__Problem__: Scan the records below for the line with "#385=DIRECTION('',(1.,0.,0.));" and the line with "#414=ADVANCED_FACE('F146',(#402,#413),#399,.F.);". Repeat those two lines and every line between them exactly, and nothing else.

Stored items from a collection
==========

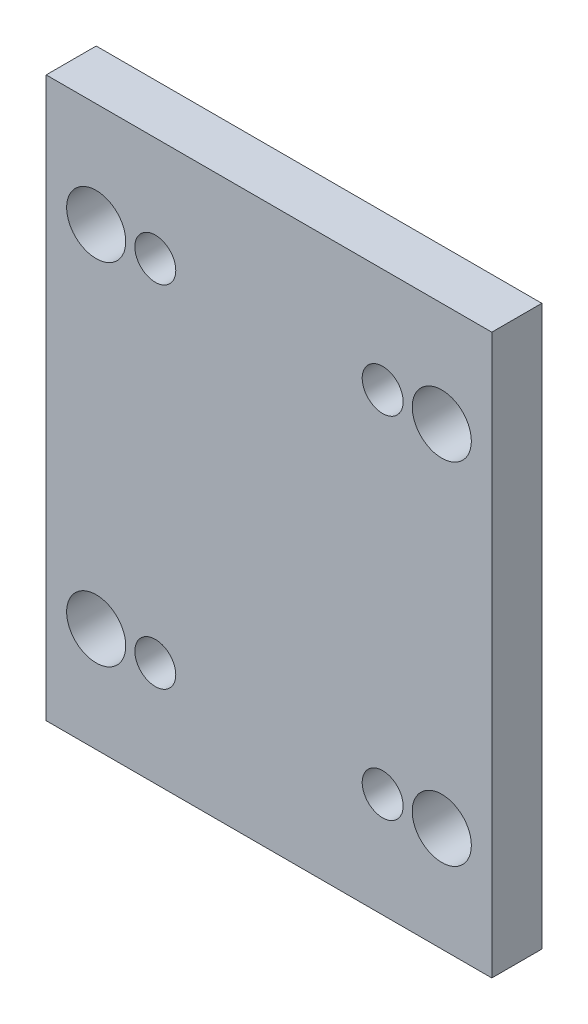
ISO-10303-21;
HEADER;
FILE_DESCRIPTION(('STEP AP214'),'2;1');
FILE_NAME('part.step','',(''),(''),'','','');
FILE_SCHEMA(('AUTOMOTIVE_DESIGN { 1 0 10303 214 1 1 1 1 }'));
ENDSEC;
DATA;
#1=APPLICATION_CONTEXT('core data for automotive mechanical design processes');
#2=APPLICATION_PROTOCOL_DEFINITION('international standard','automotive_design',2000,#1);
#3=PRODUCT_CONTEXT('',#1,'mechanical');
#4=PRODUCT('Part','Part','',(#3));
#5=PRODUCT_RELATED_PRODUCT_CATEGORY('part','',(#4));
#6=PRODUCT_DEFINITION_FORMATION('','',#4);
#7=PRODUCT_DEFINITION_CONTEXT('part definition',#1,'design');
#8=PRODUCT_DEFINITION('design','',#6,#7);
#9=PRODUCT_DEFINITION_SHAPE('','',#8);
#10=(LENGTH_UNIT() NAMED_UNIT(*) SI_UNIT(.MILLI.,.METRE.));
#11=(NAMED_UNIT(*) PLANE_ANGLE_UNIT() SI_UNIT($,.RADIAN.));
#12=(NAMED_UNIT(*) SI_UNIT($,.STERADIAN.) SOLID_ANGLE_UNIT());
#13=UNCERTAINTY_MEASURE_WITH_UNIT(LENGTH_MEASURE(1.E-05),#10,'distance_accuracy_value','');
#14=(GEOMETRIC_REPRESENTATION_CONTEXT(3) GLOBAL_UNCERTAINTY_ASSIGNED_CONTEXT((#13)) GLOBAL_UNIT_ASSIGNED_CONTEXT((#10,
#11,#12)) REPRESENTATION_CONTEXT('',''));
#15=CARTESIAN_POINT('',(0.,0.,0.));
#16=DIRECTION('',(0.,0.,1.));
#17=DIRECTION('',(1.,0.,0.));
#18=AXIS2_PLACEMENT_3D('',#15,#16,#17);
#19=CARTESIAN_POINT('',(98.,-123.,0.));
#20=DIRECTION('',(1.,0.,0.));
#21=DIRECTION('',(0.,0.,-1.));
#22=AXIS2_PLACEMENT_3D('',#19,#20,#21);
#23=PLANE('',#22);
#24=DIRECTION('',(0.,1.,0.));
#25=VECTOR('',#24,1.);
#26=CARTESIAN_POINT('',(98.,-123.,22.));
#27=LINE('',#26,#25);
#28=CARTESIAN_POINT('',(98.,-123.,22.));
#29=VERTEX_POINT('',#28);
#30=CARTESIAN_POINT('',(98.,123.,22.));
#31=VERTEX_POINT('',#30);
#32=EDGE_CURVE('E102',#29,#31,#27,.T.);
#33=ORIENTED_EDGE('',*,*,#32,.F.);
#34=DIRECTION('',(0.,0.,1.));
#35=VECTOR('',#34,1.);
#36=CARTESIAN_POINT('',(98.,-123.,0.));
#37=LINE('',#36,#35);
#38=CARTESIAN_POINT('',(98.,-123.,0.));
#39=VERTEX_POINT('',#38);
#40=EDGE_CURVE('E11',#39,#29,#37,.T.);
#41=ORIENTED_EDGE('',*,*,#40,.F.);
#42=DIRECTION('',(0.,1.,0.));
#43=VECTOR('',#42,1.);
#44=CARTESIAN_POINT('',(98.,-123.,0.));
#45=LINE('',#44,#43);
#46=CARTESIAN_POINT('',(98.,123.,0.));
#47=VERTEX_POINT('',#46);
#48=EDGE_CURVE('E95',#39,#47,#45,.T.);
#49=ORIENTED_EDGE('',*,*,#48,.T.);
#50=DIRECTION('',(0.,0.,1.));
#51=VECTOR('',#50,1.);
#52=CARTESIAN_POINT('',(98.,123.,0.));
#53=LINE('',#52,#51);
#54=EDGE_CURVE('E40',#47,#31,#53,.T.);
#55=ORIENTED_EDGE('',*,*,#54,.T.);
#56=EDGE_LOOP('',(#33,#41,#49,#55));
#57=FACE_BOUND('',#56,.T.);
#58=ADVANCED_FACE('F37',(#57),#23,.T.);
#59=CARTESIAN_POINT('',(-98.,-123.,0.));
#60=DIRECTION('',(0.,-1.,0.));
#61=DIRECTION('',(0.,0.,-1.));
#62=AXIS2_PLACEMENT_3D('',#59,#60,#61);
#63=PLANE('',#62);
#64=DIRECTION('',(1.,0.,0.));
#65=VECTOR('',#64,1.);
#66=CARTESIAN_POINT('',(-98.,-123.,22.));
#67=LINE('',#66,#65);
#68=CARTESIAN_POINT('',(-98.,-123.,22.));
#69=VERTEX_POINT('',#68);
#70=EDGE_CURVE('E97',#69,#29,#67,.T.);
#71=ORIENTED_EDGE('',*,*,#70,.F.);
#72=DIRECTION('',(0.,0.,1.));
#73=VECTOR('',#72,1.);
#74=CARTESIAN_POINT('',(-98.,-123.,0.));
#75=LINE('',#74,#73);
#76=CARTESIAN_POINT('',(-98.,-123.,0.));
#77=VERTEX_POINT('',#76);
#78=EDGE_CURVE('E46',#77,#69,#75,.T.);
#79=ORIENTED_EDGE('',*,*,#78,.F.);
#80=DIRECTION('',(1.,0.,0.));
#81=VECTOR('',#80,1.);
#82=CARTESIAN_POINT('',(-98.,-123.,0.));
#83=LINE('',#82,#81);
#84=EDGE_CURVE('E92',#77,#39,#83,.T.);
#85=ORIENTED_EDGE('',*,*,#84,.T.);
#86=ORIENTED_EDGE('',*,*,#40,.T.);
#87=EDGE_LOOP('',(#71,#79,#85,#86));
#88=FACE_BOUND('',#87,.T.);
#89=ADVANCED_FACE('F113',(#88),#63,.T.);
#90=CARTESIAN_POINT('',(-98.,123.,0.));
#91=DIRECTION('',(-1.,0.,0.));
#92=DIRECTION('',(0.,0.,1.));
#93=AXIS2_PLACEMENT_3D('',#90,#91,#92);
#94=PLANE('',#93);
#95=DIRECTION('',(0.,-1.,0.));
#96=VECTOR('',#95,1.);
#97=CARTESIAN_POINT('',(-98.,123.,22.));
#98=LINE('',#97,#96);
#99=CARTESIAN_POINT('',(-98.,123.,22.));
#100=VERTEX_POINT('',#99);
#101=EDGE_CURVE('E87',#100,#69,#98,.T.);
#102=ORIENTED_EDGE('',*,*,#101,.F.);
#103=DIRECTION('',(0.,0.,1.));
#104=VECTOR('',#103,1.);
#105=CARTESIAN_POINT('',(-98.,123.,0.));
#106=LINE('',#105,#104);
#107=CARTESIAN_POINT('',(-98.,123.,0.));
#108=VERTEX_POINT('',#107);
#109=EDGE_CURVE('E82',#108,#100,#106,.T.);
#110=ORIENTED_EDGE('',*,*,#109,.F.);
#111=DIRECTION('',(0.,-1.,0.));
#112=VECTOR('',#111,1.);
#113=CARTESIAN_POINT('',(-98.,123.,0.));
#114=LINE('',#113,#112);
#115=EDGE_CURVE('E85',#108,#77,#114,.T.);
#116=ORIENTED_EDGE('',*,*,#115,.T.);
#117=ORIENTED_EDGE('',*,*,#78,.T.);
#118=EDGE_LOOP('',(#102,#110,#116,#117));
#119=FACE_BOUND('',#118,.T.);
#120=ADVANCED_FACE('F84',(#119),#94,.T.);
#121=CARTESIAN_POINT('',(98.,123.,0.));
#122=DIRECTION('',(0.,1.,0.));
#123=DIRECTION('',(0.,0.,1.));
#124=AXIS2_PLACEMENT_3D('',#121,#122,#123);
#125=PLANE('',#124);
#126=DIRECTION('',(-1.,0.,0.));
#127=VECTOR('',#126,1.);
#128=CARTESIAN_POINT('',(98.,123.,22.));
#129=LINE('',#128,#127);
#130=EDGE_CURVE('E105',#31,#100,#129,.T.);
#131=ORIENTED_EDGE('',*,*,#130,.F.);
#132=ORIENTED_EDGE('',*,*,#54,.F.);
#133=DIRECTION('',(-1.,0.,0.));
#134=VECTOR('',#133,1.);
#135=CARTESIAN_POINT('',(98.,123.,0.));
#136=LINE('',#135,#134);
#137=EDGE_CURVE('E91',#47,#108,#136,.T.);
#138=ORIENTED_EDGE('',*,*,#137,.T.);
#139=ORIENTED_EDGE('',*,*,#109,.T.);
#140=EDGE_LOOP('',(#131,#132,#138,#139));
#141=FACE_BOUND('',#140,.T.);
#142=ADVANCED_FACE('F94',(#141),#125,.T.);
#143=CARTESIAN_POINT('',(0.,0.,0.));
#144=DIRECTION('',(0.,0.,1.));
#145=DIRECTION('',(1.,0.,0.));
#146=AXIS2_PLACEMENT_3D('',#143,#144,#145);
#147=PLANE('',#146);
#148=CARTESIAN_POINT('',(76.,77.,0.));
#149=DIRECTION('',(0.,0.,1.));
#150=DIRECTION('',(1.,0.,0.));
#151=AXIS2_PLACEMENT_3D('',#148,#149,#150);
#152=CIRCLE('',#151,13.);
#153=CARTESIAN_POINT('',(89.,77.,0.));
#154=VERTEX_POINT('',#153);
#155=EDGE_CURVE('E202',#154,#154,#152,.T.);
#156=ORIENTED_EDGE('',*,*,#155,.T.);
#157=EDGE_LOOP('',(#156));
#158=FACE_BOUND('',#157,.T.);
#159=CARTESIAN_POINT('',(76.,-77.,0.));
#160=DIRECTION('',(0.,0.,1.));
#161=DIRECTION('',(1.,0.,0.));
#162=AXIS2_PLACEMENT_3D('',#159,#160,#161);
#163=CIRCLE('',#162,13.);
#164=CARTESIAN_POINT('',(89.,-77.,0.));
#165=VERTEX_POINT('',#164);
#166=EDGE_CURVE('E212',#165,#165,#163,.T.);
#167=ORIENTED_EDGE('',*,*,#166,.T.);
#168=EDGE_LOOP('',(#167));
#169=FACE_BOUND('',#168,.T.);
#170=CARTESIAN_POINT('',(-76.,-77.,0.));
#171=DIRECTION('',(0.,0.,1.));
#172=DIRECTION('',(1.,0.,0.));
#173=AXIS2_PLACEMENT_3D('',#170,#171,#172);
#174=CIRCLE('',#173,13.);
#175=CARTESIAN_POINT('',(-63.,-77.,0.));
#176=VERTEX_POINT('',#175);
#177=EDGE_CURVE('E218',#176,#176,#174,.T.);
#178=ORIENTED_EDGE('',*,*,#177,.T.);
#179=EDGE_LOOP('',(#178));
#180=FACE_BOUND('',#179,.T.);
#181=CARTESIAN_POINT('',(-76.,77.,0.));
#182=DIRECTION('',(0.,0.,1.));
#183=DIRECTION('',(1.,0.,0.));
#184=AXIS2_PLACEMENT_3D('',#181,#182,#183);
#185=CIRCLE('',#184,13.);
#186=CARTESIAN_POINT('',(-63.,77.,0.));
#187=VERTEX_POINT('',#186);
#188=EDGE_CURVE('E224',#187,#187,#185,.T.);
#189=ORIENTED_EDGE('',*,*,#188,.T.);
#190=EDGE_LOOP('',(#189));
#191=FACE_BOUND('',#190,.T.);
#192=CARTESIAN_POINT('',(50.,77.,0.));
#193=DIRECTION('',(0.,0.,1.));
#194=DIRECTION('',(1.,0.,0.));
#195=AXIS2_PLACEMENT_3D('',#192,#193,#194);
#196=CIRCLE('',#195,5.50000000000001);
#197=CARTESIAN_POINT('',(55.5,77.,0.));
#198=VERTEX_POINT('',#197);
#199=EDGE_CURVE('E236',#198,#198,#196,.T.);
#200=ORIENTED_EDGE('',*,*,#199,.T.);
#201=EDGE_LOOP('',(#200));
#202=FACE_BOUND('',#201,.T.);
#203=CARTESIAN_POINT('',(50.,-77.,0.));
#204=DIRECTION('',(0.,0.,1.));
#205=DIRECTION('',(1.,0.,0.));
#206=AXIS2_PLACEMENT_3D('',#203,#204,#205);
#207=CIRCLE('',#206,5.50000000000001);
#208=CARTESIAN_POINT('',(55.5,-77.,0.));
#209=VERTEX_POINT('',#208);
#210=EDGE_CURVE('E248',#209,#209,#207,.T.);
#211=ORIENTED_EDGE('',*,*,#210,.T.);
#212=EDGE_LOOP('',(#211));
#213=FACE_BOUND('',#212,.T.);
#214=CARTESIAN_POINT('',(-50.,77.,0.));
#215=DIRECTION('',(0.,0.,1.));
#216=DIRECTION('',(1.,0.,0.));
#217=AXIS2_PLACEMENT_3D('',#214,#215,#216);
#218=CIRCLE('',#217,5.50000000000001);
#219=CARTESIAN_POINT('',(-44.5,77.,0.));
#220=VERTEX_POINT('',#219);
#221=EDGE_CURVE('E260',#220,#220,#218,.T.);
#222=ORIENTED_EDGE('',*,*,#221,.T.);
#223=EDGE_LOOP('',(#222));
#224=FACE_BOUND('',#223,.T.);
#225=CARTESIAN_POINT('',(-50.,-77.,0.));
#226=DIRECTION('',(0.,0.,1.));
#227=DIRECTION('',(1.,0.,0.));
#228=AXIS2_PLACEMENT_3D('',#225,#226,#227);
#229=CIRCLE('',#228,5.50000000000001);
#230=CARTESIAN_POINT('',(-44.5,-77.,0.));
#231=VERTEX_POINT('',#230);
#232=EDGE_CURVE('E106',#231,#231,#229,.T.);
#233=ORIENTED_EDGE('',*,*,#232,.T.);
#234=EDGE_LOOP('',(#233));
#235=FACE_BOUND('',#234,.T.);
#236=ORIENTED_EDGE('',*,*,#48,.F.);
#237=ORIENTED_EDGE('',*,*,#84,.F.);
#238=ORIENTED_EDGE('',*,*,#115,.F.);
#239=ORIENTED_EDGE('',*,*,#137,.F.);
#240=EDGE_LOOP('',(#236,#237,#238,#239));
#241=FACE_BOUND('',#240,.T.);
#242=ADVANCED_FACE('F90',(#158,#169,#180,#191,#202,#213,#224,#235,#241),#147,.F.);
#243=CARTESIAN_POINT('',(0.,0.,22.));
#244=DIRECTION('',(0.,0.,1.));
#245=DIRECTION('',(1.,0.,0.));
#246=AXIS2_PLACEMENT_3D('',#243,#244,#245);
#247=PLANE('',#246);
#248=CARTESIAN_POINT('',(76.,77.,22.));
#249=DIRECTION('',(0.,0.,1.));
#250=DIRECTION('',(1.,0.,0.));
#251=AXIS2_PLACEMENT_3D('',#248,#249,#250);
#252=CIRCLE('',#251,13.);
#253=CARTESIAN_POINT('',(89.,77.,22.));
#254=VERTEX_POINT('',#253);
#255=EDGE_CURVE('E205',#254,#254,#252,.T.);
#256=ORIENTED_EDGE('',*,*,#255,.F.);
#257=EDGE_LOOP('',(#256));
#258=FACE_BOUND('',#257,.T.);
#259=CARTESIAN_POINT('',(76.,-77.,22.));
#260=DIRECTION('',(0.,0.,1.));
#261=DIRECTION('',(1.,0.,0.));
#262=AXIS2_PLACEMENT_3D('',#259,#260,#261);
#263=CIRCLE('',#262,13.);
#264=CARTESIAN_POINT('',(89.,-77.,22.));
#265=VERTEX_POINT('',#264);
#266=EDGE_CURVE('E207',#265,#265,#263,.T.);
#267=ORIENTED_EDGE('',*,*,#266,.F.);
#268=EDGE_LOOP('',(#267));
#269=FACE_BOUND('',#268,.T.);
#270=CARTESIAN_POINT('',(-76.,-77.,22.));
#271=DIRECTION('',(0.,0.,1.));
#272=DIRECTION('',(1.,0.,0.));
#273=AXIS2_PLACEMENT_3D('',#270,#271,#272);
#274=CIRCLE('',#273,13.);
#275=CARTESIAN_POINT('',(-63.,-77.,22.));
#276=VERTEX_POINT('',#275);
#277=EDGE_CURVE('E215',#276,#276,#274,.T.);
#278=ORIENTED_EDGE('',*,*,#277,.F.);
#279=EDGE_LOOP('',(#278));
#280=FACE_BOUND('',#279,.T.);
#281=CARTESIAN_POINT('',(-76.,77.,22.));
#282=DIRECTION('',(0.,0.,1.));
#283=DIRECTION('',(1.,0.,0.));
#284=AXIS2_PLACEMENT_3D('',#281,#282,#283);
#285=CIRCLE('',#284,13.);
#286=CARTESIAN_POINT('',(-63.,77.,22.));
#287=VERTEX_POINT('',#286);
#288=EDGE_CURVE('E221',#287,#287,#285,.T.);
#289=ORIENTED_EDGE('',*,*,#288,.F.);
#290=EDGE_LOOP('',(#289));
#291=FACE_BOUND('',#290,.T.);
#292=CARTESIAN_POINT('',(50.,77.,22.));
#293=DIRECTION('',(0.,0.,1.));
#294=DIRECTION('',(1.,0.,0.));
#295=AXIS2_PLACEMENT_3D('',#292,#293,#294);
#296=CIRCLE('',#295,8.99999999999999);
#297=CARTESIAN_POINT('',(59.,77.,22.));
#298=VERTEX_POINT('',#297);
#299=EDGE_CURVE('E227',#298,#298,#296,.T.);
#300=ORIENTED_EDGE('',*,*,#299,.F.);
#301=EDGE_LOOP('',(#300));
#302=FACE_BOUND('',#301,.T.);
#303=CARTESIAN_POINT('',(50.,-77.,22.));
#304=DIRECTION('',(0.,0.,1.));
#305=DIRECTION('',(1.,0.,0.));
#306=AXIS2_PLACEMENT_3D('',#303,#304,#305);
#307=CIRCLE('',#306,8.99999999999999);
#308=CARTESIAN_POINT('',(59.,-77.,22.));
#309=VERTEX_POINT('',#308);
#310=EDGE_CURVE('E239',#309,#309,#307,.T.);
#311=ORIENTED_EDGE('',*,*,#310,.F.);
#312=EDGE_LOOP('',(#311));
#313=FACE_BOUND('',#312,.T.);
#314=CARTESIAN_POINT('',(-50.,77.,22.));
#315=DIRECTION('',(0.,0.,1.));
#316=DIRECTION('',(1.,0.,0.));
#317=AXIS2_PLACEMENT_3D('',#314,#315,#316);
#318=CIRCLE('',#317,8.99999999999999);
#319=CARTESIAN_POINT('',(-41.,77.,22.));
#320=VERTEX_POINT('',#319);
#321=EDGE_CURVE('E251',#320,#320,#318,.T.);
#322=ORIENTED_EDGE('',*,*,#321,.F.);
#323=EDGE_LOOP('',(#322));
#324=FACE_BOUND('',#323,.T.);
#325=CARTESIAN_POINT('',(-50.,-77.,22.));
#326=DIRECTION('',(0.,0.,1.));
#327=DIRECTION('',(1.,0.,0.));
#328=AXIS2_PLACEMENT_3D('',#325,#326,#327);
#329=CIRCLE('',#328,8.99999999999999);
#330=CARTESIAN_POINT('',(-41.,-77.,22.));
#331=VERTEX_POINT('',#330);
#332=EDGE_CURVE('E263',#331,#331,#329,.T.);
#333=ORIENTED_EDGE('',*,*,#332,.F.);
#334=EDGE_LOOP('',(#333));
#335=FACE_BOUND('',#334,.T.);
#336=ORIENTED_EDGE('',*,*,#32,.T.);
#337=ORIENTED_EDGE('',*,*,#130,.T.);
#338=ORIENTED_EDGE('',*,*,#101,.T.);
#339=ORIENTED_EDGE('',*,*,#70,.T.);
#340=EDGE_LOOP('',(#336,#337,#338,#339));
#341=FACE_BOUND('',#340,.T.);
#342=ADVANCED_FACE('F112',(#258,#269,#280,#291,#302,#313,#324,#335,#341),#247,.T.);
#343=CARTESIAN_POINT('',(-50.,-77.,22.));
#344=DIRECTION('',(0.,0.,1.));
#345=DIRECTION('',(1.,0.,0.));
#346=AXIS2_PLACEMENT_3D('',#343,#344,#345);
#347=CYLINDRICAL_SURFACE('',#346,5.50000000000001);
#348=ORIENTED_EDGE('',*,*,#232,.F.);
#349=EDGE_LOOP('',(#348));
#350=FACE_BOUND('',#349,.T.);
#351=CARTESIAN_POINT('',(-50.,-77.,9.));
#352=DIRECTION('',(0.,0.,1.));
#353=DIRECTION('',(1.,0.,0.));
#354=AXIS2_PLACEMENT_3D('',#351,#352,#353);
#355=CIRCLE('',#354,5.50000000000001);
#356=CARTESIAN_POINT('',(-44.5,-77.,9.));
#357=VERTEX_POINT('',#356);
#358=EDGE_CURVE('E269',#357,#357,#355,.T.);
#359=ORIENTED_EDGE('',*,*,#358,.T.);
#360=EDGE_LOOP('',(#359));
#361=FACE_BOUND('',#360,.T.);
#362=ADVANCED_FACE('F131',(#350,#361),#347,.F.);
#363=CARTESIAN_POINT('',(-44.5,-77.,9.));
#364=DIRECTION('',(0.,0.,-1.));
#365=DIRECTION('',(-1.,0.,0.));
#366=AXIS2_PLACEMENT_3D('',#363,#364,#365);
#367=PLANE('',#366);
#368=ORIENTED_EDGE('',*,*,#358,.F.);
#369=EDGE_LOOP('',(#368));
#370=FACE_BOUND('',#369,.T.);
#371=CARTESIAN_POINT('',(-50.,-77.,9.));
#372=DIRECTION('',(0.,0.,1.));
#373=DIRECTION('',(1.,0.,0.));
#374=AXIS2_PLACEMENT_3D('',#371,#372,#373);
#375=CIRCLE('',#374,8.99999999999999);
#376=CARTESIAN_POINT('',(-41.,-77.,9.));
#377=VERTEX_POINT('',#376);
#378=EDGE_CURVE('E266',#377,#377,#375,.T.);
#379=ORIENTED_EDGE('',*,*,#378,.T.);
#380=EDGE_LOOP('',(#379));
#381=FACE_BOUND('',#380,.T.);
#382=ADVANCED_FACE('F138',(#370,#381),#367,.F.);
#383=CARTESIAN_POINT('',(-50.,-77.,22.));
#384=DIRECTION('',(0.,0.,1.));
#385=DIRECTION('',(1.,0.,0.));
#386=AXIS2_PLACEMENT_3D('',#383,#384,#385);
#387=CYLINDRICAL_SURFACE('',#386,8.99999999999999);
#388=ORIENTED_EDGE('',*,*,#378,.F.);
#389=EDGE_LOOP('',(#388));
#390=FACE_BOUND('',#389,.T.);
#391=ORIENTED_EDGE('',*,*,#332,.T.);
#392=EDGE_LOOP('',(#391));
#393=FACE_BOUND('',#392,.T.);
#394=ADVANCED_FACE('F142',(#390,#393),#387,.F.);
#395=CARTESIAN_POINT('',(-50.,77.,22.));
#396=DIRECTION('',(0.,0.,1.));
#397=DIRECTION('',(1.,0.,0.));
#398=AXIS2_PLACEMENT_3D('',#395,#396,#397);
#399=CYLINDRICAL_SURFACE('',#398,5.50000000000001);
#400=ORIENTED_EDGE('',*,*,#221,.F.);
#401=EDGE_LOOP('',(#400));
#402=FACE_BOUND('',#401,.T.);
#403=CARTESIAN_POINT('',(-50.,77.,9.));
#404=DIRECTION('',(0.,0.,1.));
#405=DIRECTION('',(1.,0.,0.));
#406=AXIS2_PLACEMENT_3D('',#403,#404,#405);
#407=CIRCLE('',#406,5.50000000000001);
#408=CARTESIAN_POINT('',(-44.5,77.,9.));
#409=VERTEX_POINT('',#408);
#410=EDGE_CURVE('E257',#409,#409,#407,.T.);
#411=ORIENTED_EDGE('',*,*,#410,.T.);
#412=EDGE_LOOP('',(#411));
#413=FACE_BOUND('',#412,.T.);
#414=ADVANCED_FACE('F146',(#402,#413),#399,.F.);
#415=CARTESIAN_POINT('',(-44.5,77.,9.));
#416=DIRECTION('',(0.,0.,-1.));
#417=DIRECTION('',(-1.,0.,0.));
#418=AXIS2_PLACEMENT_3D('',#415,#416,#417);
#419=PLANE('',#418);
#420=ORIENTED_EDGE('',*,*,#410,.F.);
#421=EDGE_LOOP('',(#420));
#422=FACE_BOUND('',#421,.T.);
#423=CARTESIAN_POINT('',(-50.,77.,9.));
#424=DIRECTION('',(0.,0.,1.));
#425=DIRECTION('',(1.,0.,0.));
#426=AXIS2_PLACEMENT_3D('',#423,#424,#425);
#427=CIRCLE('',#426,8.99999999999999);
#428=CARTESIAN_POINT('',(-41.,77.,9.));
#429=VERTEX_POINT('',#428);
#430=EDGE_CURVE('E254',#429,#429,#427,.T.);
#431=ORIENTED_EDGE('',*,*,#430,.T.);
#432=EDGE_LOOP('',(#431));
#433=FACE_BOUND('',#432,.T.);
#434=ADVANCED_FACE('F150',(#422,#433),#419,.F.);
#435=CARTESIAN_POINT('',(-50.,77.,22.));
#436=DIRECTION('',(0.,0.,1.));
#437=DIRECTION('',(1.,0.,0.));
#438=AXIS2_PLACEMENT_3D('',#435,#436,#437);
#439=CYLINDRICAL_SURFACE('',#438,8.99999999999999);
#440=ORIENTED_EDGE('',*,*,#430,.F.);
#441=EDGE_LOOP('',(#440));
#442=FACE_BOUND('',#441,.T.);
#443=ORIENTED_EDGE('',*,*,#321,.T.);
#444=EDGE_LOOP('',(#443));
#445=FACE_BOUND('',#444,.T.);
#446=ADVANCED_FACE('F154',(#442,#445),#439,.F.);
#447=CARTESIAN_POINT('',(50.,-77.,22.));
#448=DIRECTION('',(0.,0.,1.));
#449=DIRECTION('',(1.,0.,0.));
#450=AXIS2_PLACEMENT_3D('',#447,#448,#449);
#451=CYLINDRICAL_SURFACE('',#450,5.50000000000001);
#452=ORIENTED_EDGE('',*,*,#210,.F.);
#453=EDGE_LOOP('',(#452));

==========

__Your solution__:
#385=DIRECTION('',(1.,0.,0.));
#386=AXIS2_PLACEMENT_3D('',#383,#384,#385);
#387=CYLINDRICAL_SURFACE('',#386,8.99999999999999);
#388=ORIENTED_EDGE('',*,*,#378,.F.);
#389=EDGE_LOOP('',(#388));
#390=FACE_BOUND('',#389,.T.);
#391=ORIENTED_EDGE('',*,*,#332,.T.);
#392=EDGE_LOOP('',(#391));
#393=FACE_BOUND('',#392,.T.);
#394=ADVANCED_FACE('F142',(#390,#393),#387,.F.);
#395=CARTESIAN_POINT('',(-50.,77.,22.));
#396=DIRECTION('',(0.,0.,1.));
#397=DIRECTION('',(1.,0.,0.));
#398=AXIS2_PLACEMENT_3D('',#395,#396,#397);
#399=CYLINDRICAL_SURFACE('',#398,5.50000000000001);
#400=ORIENTED_EDGE('',*,*,#221,.F.);
#401=EDGE_LOOP('',(#400));
#402=FACE_BOUND('',#401,.T.);
#403=CARTESIAN_POINT('',(-50.,77.,9.));
#404=DIRECTION('',(0.,0.,1.));
#405=DIRECTION('',(1.,0.,0.));
#406=AXIS2_PLACEMENT_3D('',#403,#404,#405);
#407=CIRCLE('',#406,5.50000000000001);
#408=CARTESIAN_POINT('',(-44.5,77.,9.));
#409=VERTEX_POINT('',#408);
#410=EDGE_CURVE('E257',#409,#409,#407,.T.);
#411=ORIENTED_EDGE('',*,*,#410,.T.);
#412=EDGE_LOOP('',(#411));
#413=FACE_BOUND('',#412,.T.);
#414=ADVANCED_FACE('F146',(#402,#413),#399,.F.);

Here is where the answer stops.